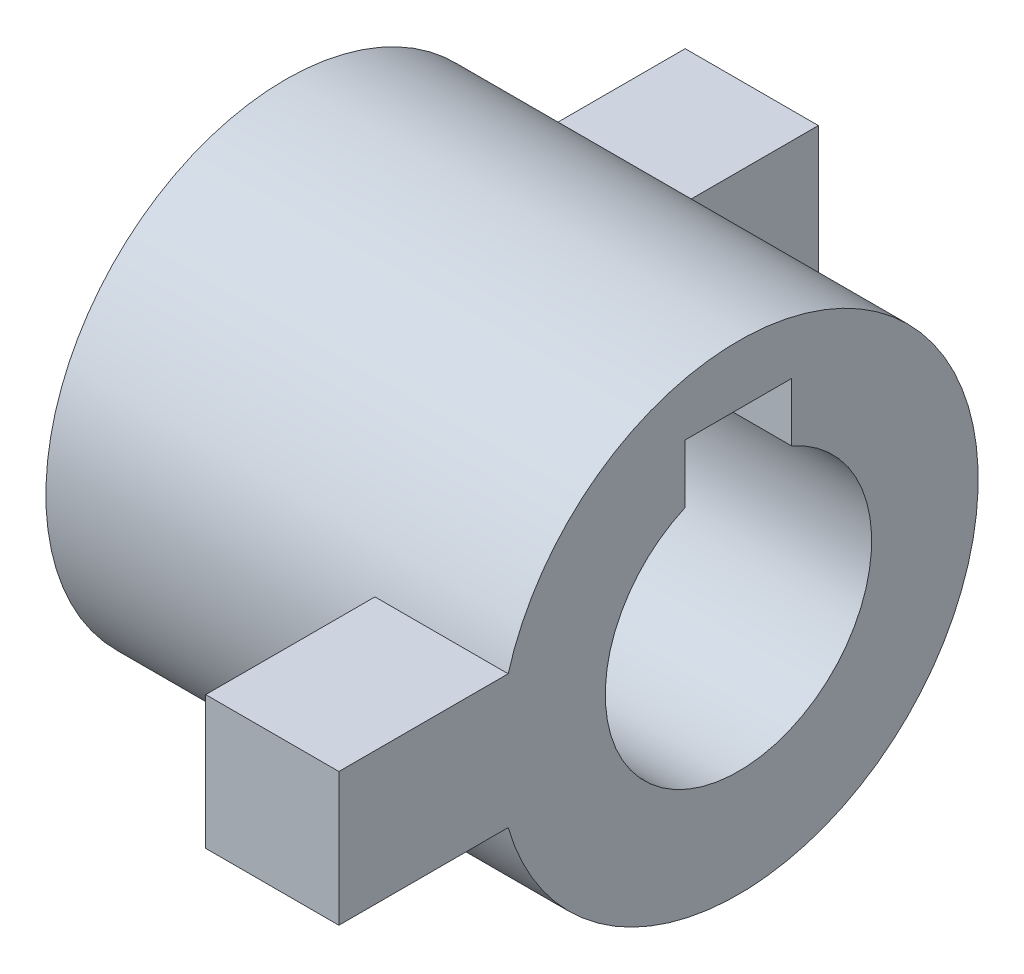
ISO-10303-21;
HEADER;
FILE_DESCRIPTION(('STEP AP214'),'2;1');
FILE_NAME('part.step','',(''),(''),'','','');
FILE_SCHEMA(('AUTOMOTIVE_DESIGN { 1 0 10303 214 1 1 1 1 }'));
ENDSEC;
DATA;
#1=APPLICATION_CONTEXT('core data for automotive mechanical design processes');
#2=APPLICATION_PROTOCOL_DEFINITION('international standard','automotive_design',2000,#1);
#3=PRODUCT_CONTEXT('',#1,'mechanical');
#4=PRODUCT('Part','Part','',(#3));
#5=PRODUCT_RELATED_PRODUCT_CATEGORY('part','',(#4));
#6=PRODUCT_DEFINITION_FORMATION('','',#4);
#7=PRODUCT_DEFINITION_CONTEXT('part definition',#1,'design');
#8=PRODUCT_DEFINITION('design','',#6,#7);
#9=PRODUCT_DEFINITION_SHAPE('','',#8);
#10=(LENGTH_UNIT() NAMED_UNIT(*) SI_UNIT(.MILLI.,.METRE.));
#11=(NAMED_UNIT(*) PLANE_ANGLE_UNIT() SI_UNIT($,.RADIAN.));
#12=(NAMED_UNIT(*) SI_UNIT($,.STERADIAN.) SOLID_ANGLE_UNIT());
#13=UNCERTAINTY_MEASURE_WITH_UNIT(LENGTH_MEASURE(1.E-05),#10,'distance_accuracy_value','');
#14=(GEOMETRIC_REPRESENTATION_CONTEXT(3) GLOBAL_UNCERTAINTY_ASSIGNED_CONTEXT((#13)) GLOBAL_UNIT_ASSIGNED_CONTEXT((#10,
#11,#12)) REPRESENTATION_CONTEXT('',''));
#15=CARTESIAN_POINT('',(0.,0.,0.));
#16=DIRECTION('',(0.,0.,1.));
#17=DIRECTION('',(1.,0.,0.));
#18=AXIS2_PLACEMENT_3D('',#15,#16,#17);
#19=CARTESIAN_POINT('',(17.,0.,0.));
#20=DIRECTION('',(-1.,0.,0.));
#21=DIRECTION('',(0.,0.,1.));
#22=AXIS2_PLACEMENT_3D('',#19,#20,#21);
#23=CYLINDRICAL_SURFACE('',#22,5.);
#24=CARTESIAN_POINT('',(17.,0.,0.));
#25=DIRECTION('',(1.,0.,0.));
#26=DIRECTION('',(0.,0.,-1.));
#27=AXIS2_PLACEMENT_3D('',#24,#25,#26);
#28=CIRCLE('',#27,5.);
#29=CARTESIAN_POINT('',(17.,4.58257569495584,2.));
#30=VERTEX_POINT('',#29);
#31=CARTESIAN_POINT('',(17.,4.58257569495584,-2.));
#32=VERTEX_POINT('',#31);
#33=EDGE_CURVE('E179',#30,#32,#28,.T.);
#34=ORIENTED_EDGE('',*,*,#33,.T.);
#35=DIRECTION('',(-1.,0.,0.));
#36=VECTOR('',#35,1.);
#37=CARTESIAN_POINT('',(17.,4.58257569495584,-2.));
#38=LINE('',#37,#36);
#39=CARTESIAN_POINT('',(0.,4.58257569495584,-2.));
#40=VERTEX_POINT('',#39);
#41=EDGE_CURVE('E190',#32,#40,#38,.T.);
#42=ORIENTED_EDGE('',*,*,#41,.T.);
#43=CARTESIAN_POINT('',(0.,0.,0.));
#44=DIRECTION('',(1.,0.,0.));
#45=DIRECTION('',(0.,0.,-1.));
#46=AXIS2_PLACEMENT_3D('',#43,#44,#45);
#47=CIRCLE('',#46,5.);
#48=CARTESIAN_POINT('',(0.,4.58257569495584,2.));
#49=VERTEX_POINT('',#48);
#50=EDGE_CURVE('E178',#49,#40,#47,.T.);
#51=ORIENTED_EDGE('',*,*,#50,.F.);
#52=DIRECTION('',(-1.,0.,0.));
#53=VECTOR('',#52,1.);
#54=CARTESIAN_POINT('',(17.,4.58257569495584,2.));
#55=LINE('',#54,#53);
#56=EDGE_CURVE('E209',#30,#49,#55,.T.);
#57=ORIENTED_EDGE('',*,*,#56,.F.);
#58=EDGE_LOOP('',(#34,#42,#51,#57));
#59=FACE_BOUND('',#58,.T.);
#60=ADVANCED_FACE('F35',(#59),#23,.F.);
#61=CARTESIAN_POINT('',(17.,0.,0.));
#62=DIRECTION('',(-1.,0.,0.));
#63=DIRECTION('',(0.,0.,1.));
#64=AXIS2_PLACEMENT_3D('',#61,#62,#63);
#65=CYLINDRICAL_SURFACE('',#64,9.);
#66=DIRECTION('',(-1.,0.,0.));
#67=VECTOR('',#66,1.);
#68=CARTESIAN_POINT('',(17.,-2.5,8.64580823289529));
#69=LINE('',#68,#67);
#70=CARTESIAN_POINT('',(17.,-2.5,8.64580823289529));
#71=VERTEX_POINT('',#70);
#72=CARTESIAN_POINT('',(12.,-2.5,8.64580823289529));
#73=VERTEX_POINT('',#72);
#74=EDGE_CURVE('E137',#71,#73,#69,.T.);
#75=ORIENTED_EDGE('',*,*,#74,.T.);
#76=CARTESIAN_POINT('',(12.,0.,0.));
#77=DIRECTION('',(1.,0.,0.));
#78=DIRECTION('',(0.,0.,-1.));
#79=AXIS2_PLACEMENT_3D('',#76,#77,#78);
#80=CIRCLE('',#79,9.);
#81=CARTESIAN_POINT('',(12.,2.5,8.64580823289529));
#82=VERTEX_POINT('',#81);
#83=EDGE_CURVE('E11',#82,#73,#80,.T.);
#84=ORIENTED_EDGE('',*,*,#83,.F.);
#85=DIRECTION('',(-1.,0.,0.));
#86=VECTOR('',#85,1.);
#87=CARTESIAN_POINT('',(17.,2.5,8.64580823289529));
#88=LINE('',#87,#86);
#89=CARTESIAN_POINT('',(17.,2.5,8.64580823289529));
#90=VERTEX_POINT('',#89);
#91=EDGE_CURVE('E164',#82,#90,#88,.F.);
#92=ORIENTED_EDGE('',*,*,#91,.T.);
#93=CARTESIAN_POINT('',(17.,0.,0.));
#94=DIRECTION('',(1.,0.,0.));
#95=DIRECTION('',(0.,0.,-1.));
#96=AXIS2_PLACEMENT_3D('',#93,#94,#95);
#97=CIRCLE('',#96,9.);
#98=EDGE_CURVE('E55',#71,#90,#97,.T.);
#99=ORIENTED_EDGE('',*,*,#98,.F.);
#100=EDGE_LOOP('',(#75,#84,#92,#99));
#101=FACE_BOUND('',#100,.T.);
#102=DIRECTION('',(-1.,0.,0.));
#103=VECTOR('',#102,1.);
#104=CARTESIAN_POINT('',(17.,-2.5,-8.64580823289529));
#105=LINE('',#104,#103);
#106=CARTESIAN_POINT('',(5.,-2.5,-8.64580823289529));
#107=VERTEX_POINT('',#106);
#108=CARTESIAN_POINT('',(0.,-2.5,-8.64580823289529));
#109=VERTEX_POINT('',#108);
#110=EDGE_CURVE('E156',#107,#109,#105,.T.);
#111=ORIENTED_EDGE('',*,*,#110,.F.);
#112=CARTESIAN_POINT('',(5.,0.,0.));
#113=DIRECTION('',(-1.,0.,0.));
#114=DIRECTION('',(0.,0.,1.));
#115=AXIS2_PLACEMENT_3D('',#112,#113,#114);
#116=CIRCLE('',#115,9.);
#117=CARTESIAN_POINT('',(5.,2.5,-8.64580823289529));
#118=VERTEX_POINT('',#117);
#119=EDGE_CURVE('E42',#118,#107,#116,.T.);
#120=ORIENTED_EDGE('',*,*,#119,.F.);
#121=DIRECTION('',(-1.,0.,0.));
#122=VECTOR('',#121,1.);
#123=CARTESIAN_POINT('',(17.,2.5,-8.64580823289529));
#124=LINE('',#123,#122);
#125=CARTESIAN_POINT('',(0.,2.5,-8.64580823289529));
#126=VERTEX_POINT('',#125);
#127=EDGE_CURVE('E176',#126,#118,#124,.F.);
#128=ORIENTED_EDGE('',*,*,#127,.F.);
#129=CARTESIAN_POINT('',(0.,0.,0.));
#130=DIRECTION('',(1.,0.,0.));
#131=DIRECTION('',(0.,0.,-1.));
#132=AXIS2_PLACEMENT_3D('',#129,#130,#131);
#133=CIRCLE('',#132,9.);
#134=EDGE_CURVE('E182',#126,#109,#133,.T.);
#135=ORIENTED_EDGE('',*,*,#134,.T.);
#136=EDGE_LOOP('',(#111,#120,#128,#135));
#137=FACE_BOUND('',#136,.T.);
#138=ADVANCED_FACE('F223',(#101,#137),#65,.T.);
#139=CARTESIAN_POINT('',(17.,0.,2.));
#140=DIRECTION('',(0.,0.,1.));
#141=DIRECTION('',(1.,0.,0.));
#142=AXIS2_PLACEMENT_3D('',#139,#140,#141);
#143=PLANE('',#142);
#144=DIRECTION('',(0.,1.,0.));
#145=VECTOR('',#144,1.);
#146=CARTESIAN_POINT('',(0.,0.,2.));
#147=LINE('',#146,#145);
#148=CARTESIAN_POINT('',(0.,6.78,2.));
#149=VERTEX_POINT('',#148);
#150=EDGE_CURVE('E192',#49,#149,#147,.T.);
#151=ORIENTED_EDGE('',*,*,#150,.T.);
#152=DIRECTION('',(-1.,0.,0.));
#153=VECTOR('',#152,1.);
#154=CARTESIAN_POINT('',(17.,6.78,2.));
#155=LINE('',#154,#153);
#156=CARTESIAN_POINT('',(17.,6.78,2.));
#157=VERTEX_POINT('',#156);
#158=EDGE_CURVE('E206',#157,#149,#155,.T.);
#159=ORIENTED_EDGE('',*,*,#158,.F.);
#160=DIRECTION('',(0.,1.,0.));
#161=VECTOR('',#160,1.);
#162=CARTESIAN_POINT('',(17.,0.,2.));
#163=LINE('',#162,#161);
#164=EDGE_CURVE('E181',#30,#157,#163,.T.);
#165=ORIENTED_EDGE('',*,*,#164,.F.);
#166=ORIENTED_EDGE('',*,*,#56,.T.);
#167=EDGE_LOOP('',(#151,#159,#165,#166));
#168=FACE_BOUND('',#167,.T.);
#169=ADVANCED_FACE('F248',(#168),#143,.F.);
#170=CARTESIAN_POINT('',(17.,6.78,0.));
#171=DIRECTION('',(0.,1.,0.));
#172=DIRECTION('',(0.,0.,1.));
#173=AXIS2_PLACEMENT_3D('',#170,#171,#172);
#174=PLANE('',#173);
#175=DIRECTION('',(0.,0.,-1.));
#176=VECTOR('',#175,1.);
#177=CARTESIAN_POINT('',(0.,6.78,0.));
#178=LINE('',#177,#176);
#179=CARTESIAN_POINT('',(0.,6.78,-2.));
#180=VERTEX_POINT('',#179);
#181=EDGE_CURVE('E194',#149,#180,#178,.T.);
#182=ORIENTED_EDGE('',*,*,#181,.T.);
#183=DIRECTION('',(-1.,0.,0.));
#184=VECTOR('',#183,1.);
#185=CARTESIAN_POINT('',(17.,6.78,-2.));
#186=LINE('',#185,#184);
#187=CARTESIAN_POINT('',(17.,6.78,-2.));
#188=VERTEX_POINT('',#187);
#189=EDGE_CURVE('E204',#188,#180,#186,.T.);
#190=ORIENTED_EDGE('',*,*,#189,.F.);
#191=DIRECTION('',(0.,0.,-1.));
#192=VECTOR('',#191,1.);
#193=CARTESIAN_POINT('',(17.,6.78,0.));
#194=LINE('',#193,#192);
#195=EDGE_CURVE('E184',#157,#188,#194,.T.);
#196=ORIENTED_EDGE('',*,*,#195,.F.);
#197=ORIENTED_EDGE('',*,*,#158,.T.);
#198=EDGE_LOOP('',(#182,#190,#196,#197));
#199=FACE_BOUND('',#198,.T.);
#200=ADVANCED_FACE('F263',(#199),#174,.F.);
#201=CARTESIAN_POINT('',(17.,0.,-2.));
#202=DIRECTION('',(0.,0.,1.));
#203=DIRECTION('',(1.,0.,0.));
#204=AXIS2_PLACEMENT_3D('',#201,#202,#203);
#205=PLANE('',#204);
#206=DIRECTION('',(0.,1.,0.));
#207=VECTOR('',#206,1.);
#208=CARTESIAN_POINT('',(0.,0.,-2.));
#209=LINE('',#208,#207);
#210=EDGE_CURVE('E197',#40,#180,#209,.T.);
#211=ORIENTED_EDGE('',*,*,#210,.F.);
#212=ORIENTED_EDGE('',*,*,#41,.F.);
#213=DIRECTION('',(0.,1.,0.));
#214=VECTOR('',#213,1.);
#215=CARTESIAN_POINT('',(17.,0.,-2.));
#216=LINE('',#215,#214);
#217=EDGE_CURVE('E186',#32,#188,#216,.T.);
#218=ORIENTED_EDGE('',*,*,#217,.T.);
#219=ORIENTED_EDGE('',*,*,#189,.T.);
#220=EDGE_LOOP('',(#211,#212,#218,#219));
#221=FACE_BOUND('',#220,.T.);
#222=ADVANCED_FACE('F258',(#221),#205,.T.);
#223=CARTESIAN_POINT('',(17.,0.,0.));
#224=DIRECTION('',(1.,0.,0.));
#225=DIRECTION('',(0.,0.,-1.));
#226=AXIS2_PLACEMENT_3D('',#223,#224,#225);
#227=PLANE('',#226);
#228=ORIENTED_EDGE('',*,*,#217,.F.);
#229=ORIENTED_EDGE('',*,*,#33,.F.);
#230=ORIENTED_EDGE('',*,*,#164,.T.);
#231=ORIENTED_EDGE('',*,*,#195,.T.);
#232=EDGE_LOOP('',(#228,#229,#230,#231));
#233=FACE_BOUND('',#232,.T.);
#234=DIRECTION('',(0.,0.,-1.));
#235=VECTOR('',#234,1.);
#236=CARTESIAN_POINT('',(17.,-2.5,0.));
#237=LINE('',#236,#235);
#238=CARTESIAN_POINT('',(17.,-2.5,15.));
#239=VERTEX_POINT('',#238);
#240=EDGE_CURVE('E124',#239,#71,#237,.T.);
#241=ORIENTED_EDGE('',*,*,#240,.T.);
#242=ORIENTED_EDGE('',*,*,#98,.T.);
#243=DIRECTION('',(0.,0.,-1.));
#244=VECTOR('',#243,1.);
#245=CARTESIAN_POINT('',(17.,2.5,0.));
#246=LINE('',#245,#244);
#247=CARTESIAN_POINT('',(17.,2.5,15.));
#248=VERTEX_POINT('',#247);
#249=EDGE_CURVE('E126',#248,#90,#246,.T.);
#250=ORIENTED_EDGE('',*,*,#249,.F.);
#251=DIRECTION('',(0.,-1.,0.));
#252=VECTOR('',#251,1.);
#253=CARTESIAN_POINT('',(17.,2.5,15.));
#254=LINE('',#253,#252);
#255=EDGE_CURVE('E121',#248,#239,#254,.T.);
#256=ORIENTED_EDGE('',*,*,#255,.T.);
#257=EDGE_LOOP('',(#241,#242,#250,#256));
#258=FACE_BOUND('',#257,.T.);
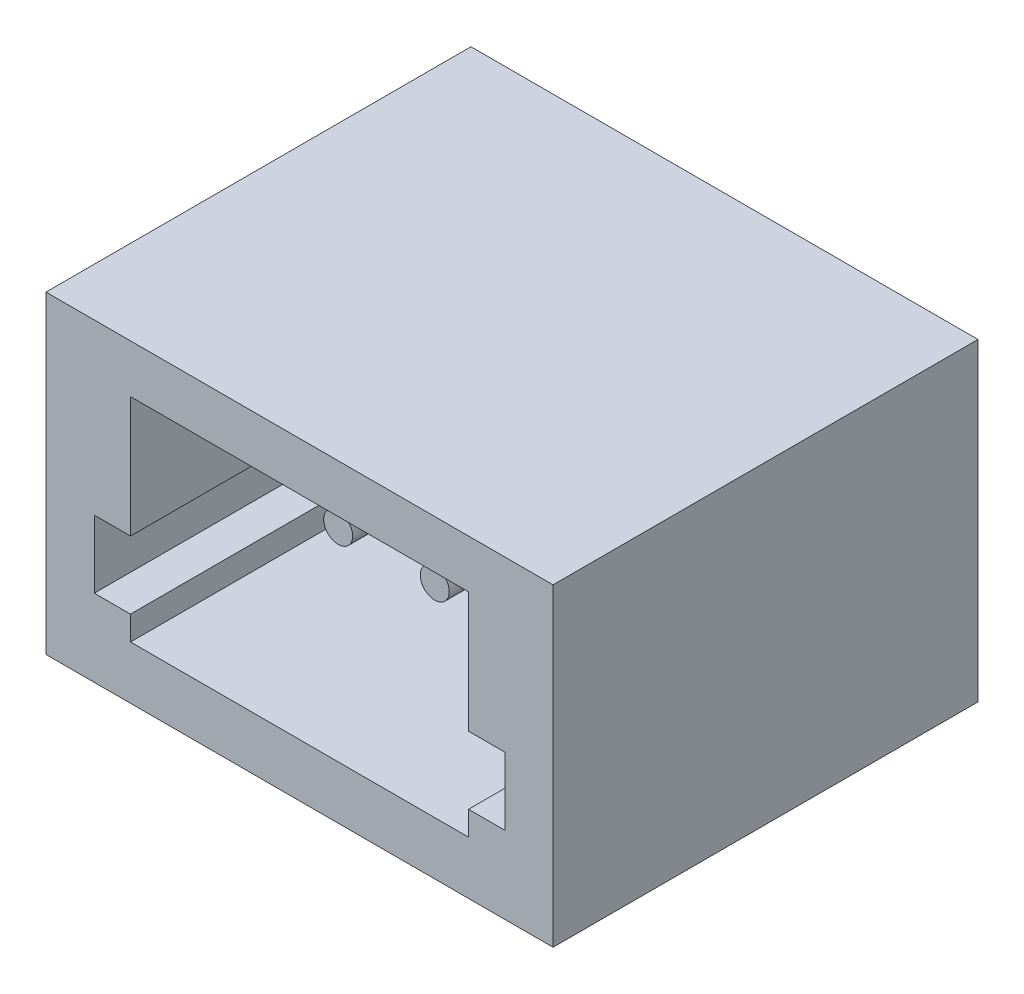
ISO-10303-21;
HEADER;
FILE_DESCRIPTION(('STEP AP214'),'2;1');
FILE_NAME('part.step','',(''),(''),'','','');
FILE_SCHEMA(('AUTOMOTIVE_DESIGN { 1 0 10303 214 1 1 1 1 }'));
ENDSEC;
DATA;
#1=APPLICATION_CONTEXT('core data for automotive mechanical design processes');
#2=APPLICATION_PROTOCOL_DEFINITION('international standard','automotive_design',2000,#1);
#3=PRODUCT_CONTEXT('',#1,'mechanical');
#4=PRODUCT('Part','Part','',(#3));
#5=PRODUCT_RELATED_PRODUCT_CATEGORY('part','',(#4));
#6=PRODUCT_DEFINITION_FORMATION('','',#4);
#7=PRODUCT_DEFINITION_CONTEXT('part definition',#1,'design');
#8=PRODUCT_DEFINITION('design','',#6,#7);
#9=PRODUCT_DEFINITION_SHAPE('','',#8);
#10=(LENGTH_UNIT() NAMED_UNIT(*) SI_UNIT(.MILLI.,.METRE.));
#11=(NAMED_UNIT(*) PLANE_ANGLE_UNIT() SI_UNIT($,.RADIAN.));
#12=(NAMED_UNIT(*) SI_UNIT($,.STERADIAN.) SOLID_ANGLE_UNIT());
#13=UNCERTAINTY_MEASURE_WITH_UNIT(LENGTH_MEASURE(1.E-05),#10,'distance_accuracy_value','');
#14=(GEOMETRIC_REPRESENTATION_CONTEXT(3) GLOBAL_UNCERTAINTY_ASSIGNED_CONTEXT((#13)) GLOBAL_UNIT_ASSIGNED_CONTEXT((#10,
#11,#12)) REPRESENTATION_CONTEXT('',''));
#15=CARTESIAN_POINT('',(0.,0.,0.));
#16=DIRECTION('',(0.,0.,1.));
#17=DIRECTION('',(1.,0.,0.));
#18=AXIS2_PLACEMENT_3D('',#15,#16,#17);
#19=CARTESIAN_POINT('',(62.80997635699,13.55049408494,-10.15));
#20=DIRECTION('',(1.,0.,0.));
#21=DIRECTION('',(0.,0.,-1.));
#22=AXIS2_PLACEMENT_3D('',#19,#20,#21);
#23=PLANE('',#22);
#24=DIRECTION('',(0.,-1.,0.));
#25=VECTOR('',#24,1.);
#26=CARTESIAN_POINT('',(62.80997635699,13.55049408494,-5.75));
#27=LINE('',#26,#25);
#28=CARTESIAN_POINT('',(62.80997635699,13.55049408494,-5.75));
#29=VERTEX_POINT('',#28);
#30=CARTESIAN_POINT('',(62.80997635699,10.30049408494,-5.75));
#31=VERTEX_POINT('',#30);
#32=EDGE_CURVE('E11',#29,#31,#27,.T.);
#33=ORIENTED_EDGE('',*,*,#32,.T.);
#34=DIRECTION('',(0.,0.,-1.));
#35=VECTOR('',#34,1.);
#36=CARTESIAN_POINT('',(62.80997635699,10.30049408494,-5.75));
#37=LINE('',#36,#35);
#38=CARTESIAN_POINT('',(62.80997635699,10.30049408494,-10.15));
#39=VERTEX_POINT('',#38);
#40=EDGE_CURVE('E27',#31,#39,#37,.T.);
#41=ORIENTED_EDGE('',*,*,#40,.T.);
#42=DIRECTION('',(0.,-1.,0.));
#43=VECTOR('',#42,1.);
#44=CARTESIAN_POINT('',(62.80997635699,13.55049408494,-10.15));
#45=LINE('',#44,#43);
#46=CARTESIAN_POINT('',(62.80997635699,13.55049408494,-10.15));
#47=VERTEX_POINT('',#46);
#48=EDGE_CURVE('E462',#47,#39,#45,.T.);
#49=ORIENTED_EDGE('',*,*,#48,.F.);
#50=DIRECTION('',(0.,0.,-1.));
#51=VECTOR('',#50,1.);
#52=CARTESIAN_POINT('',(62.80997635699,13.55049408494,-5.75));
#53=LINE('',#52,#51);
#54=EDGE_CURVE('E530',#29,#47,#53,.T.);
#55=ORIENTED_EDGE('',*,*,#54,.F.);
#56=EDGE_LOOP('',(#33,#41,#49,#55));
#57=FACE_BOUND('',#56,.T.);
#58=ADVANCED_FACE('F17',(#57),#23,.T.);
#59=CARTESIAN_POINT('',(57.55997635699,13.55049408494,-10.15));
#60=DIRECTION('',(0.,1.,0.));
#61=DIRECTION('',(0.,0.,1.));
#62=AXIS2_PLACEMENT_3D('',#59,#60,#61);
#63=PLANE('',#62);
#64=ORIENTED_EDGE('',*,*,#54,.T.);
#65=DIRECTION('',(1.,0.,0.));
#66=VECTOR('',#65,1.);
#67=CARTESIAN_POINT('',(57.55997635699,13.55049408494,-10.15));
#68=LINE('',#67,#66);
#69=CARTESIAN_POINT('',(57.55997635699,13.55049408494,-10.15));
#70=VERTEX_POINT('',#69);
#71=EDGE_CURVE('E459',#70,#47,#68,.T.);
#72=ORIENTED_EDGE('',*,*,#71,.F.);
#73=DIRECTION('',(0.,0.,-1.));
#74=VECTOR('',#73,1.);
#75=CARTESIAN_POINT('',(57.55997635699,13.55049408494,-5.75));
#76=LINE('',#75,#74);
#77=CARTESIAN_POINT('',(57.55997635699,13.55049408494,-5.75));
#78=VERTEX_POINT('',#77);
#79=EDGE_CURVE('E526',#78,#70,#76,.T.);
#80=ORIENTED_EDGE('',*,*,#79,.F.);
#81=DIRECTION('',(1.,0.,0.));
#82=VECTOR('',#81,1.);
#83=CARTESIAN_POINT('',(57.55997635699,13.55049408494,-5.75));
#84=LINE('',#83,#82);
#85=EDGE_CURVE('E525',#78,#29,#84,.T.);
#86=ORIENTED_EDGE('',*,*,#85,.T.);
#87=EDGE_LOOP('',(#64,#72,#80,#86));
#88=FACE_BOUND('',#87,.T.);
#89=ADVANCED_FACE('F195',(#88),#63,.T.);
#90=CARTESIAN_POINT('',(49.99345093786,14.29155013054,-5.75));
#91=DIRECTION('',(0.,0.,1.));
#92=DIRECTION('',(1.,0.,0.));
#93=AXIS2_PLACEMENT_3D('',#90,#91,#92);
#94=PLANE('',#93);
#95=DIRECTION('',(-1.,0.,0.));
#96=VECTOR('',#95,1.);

● ● ● ● ●

Description of the task
Copy, exactly and only, the lines above that begin with the one containing "#134=EDGE_CURVE('E182',#126,#109,#133,.T.);" and finish with the one containing "#158=EDGE_CURVE('E206',#157,#149,#155,.T.);".

Answer space
#134=EDGE_CURVE('E182',#126,#109,#133,.T.);
#135=ORIENTED_EDGE('',*,*,#134,.T.);
#136=EDGE_LOOP('',(#111,#120,#128,#135));
#137=FACE_BOUND('',#136,.T.);
#138=ADVANCED_FACE('F223',(#101,#137),#65,.T.);
#139=CARTESIAN_POINT('',(17.,0.,2.));
#140=DIRECTION('',(0.,0.,1.));
#141=DIRECTION('',(1.,0.,0.));
#142=AXIS2_PLACEMENT_3D('',#139,#140,#141);
#143=PLANE('',#142);
#144=DIRECTION('',(0.,1.,0.));
#145=VECTOR('',#144,1.);
#146=CARTESIAN_POINT('',(0.,0.,2.));
#147=LINE('',#146,#145);
#148=CARTESIAN_POINT('',(0.,6.78,2.));
#149=VERTEX_POINT('',#148);
#150=EDGE_CURVE('E192',#49,#149,#147,.T.);
#151=ORIENTED_EDGE('',*,*,#150,.T.);
#152=DIRECTION('',(-1.,0.,0.));
#153=VECTOR('',#152,1.);
#154=CARTESIAN_POINT('',(17.,6.78,2.));
#155=LINE('',#154,#153);
#156=CARTESIAN_POINT('',(17.,6.78,2.));
#157=VERTEX_POINT('',#156);
#158=EDGE_CURVE('E206',#157,#149,#155,.T.);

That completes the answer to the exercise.